Die Provinz Chiang Mai im Norden von Thailand versinkt jedes Frühjahr wochenlang im Smog. Bauern verbrennen dann auf ihren Feldern Pflanzabfälle und produzieren jede Menge Feinstaub. Doch es gibt eine Alternative, die auch dem Klima hilft: Aus den Abfällen Kohle herstellen.
Aus Chiang Mai (Thailand) Christian Mihatsch
Das tropische Klima im Norden Thailands kennt eigentlich nur drei Jahreszeiten: die kalte und die heiße Zeit sowie die Regenzeit. Doch für die Monate März und April hat sich im Volksmund eine vierte Bezeichnung etabliert: die „Brandsaison“. Zu erkennen ist sie an der Luftverschmutzung. Der Himmel ist nicht blau, sondern braun-grau und viele Menschen tragen Atemschutzmasken.

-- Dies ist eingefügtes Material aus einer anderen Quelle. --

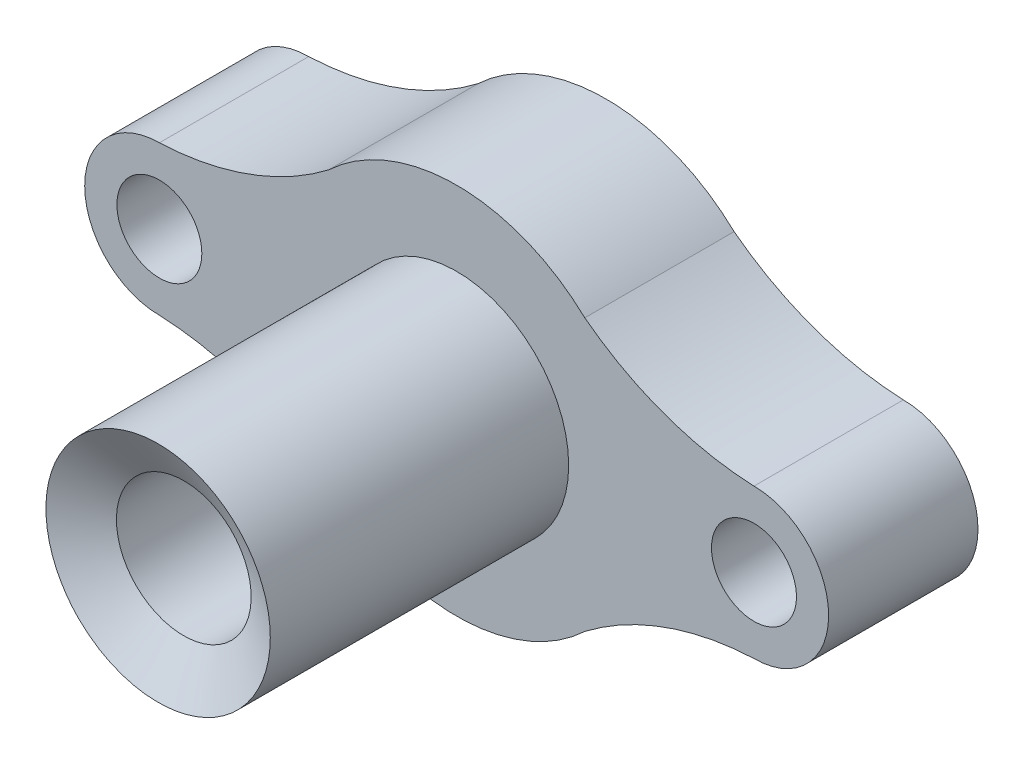
ISO-10303-21;
HEADER;
FILE_DESCRIPTION(('STEP AP214'),'2;1');
FILE_NAME('part.step','',(''),(''),'','','');
FILE_SCHEMA(('AUTOMOTIVE_DESIGN { 1 0 10303 214 1 1 1 1 }'));
ENDSEC;
DATA;
#1=APPLICATION_CONTEXT('core data for automotive mechanical design processes');
#2=APPLICATION_PROTOCOL_DEFINITION('international standard','automotive_design',2000,#1);
#3=PRODUCT_CONTEXT('',#1,'mechanical');
#4=PRODUCT('Part','Part','',(#3));
#5=PRODUCT_RELATED_PRODUCT_CATEGORY('part','',(#4));
#6=PRODUCT_DEFINITION_FORMATION('','',#4);
#7=PRODUCT_DEFINITION_CONTEXT('part definition',#1,'design');
#8=PRODUCT_DEFINITION('design','',#6,#7);
#9=PRODUCT_DEFINITION_SHAPE('','',#8);
#10=(LENGTH_UNIT() NAMED_UNIT(*) SI_UNIT(.MILLI.,.METRE.));
#11=(NAMED_UNIT(*) PLANE_ANGLE_UNIT() SI_UNIT($,.RADIAN.));
#12=(NAMED_UNIT(*) SI_UNIT($,.STERADIAN.) SOLID_ANGLE_UNIT());
#13=UNCERTAINTY_MEASURE_WITH_UNIT(LENGTH_MEASURE(1.E-05),#10,'distance_accuracy_value','');
#14=(GEOMETRIC_REPRESENTATION_CONTEXT(3) GLOBAL_UNCERTAINTY_ASSIGNED_CONTEXT((#13)) GLOBAL_UNIT_ASSIGNED_CONTEXT((#10,
#11,#12)) REPRESENTATION_CONTEXT('',''));
#15=CARTESIAN_POINT('',(0.,0.,0.));
#16=DIRECTION('',(0.,0.,1.));
#17=DIRECTION('',(1.,0.,0.));
#18=AXIS2_PLACEMENT_3D('',#15,#16,#17);
#19=CARTESIAN_POINT('',(0.,0.,300.));
#20=DIRECTION('',(0.,0.,-1.));
#21=DIRECTION('',(-1.,0.,0.));
#22=AXIS2_PLACEMENT_3D('',#19,#20,#21);
#23=CYLINDRICAL_SURFACE('',#22,75.);
#24=CARTESIAN_POINT('',(0.,0.,100.));
#25=DIRECTION('',(0.,0.,1.));
#26=DIRECTION('',(1.,0.,0.));
#27=AXIS2_PLACEMENT_3D('',#24,#25,#26);
#28=CIRCLE('',#27,75.);
#29=CARTESIAN_POINT('',(75.,0.,100.));
#30=VERTEX_POINT('',#29);
#31=EDGE_CURVE('E65',#30,#30,#28,.T.);
#32=ORIENTED_EDGE('',*,*,#31,.T.);
#33=EDGE_LOOP('',(#32));
#34=FACE_BOUND('',#33,.T.);
#35=CARTESIAN_POINT('',(-61.0252990826169,-43.5994595365259,299.980480852214));
#36=CARTESIAN_POINT('',(-60.4128809969187,-44.4566509724594,299.979625264154));
#37=CARTESIAN_POINT('',(-59.7824179628006,-45.3009090738324,299.978744440642));
#38=CARTESIAN_POINT('',(-58.486430905328,-46.9621896569286,299.976933751053));
#39=CARTESIAN_POINT('',(-57.820904437094,-47.7792102329495,299.976003881555));
#40=CARTESIAN_POINT('',(-56.4559004519219,-49.3846300802318,299.974096641425));
#41=CARTESIAN_POINT('',(-55.7564167768266,-50.1730241143996,299.973119262176));
#42=CARTESIAN_POINT('',(-54.324783375334,-51.7197105287908,299.971118788527));
#43=CARTESIAN_POINT('',(-53.5926306318297,-52.4780001164878,299.970095689905));
#44=CARTESIAN_POINT('',(-52.096261393096,-53.9638060674285,299.968004609539));
#45=CARTESIAN_POINT('',(-51.3320130957333,-54.6912904022687,299.966936583275));
#46=CARTESIAN_POINT('',(-49.7734359467015,-56.1134395235662,299.964758409332));
#47=CARTESIAN_POINT('',(-48.979104283293,-56.8081012285531,299.963648257715));
#48=CARTESIAN_POINT('',(-47.3619716584453,-58.1631868672869,299.96138807541));
#49=CARTESIAN_POINT('',(-46.5391752738868,-58.8236162630203,299.960238051133));
#50=CARTESIAN_POINT('',(-44.8663791886079,-60.1092413223152,299.957899883623));
#51=CARTESIAN_POINT('',(-44.0163769500819,-60.7344336838032,299.956711736833));
#52=CARTESIAN_POINT('',(-42.2912272042038,-61.9480730784921,299.954300191895));
#53=CARTESIAN_POINT('',(-41.4160936919506,-62.536540005389,299.953076813365));
#54=CARTESIAN_POINT('',(-39.6417114976382,-63.6761068167788,299.950596236192));
#55=CARTESIAN_POINT('',(-38.7424605676536,-64.2272032010447,299.949339034396));
#56=CARTESIAN_POINT('',(-36.921590695468,-65.2909474438006,299.946793244723));
#57=CARTESIAN_POINT('',(-35.9999734971726,-65.8035982872353,299.945504659292));
#58=CARTESIAN_POINT('',(-34.1358619912945,-66.789631480931,299.942898178746));
#59=CARTESIAN_POINT('',(-33.1933657393382,-67.2630101543059,299.941580280902));
#60=CARTESIAN_POINT('',(-31.2895639230087,-68.1694519159153,299.938918059187));
#61=CARTESIAN_POINT('',(-30.3282650272468,-68.6025289947849,299.937573744685));
#62=CARTESIAN_POINT('',(-28.3882464790829,-69.4277983851737,299.934860624428));
#63=CARTESIAN_POINT('',(-27.4095252064392,-69.8199868706448,299.933491816397));
#64=CARTESIAN_POINT('',(-24.4500114308128,-70.9340413617623,299.929352534709));
#65=CARTESIAN_POINT('',(-22.4453478631323,-71.5936444397238,299.926548474768));
#66=CARTESIAN_POINT('',(-18.387640750951,-72.7416147357459,299.920872112705));
#67=CARTESIAN_POINT('',(-16.3345920438454,-73.2299635922132,299.917999803301));
#68=CARTESIAN_POINT('',(-12.194578404043,-74.0320017401627,299.912207142931));
#69=CARTESIAN_POINT('',(-10.1076134369573,-74.3456908545395,299.909286791918));
#70=CARTESIAN_POINT('',(-5.91461428981311,-74.796148408288,299.903418801123));
#71=CARTESIAN_POINT('',(-3.80857937059909,-74.9329099600932,299.900471160284));
#72=CARTESIAN_POINT('',(0.407529995864249,-75.0285279602957,299.894569615282));
#73=CARTESIAN_POINT('',(2.51760444232348,-74.9873844434855,299.891615711119));
#74=CARTESIAN_POINT('',(6.7267468628134,-74.7274844538542,299.885722705064));
#75=CARTESIAN_POINT('',(8.82581503477657,-74.5087311861985,299.882783602905));
#76=CARTESIAN_POINT('',(12.9980619524689,-73.8951717046809,299.876941055414));
#77=CARTESIAN_POINT('',(15.0712406977096,-73.5003654874969,299.874037610083));
#78=CARTESIAN_POINT('',(19.1769649959032,-72.537507705617,299.868287052562));
#79=CARTESIAN_POINT('',(21.2095106310246,-71.9694564912959,299.865439940259));
#80=CARTESIAN_POINT('',(25.2195229914764,-70.6641469718456,299.859822323445));
#81=CARTESIAN_POINT('',(27.1969897168824,-69.9268886669491,299.857051818935));
#82=CARTESIAN_POINT('',(31.0827891747025,-68.2884048875197,299.851607159598));
#83=CARTESIAN_POINT('',(32.9911217811855,-67.3871791143303,299.848933004947));
#84=CARTESIAN_POINT('',(36.7250820650824,-65.42716845876,299.843700121675));
#85=CARTESIAN_POINT('',(38.5507097425149,-64.3683835764144,299.841141393054));
#86=CARTESIAN_POINT('',(42.1062777756162,-62.1007840673242,299.836157624252));
#87=CARTESIAN_POINT('',(43.8362183041195,-60.8919697115824,299.833732583831));
#88=CARTESIAN_POINT('',(47.1881167361123,-58.3329036600578,299.829033499414));
#89=CARTESIAN_POINT('',(48.8100746397929,-56.9826519645253,299.826759455418));
#90=CARTESIAN_POINT('',(51.9344761877357,-54.1503110957635,299.822378607487));
#91=CARTESIAN_POINT('',(53.4369198668857,-52.6682219610195,299.820271803502));
#92=CARTESIAN_POINT('',(56.3116119860033,-49.5827426121102,299.816240490222));
#93=CARTESIAN_POINT('',(57.6838604258435,-47.9793523978261,299.814315980926));
#94=CARTESIAN_POINT('',(60.2884075327527,-44.6626682661534,299.810663013616));
#95=CARTESIAN_POINT('',(61.5207060524658,-42.9493742330482,299.808934555809));
#96=CARTESIAN_POINT('',(63.8365906844307,-39.4250644892744,299.805686055521));
#97=CARTESIAN_POINT('',(64.9201767967022,-37.6140487786188,299.80416601304));
#98=CARTESIAN_POINT('',(66.9309316184703,-33.9071733144804,299.801345220074));
#99=CARTESIAN_POINT('',(67.8581005277589,-32.0113136693728,299.800044469309));
#100=CARTESIAN_POINT('',(69.549430970552,-28.1482266176067,299.797671566142));
#101=CARTESIAN_POINT('',(70.3135925042738,-26.1809992110433,299.796599413739));
#102=CARTESIAN_POINT('',(71.6734751492866,-22.1891632772435,299.794691382387));
#103=CARTESIAN_POINT('',(72.2691963294702,-20.1645547734763,299.793855503341));
#104=CARTESIAN_POINT('',(73.2879634336667,-16.0723496429975,299.792426002722));
#105=CARTESIAN_POINT('',(73.7110093577776,-14.0047530163101,299.791832381149));
#106=CARTESIAN_POINT('',(74.3814180962679,-9.84127245478861,299.790891646562));
#107=CARTESIAN_POINT('',(74.6287810304055,-7.74538853923818,299.79054453338));
#108=CARTESIAN_POINT('',(74.9460656440345,-3.54023250338786,299.790099300746));
#109=CARTESIAN_POINT('',(75.0159873235867,-1.43096038309257,299.790001181295));
#110=CARTESIAN_POINT('',(74.9778923211456,2.78597666401557,299.790054638833));
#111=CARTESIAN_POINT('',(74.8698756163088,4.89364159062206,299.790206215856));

Grund für den Smog sind nicht etwa Stahlwerke oder Kohlekraftwerke, sondern die Landwirtschaft. Die Bauern flammen ihre Felder ab, um sie für die nächste Aussaat vorzubereiten. Die Folgen dieser Art der Bewirtschaftung lassen sich dann an den Messwerten für Feinstaub ablesen.
Für Staubpartikel, die kleiner sind als 2,5 Mikrometer (PM 2,5), wurden dieses Jahr bereits Konzentrationen gemessen, die den EU-Grenzwert um das Sechsfache übersteigen und als „sehr ungesund“ gelten. Denn diese kleinen Staubpartikel gelangen bis tief in die Lunge und können sogar durch die Lungenbläschen in die Blutbahn gelangen.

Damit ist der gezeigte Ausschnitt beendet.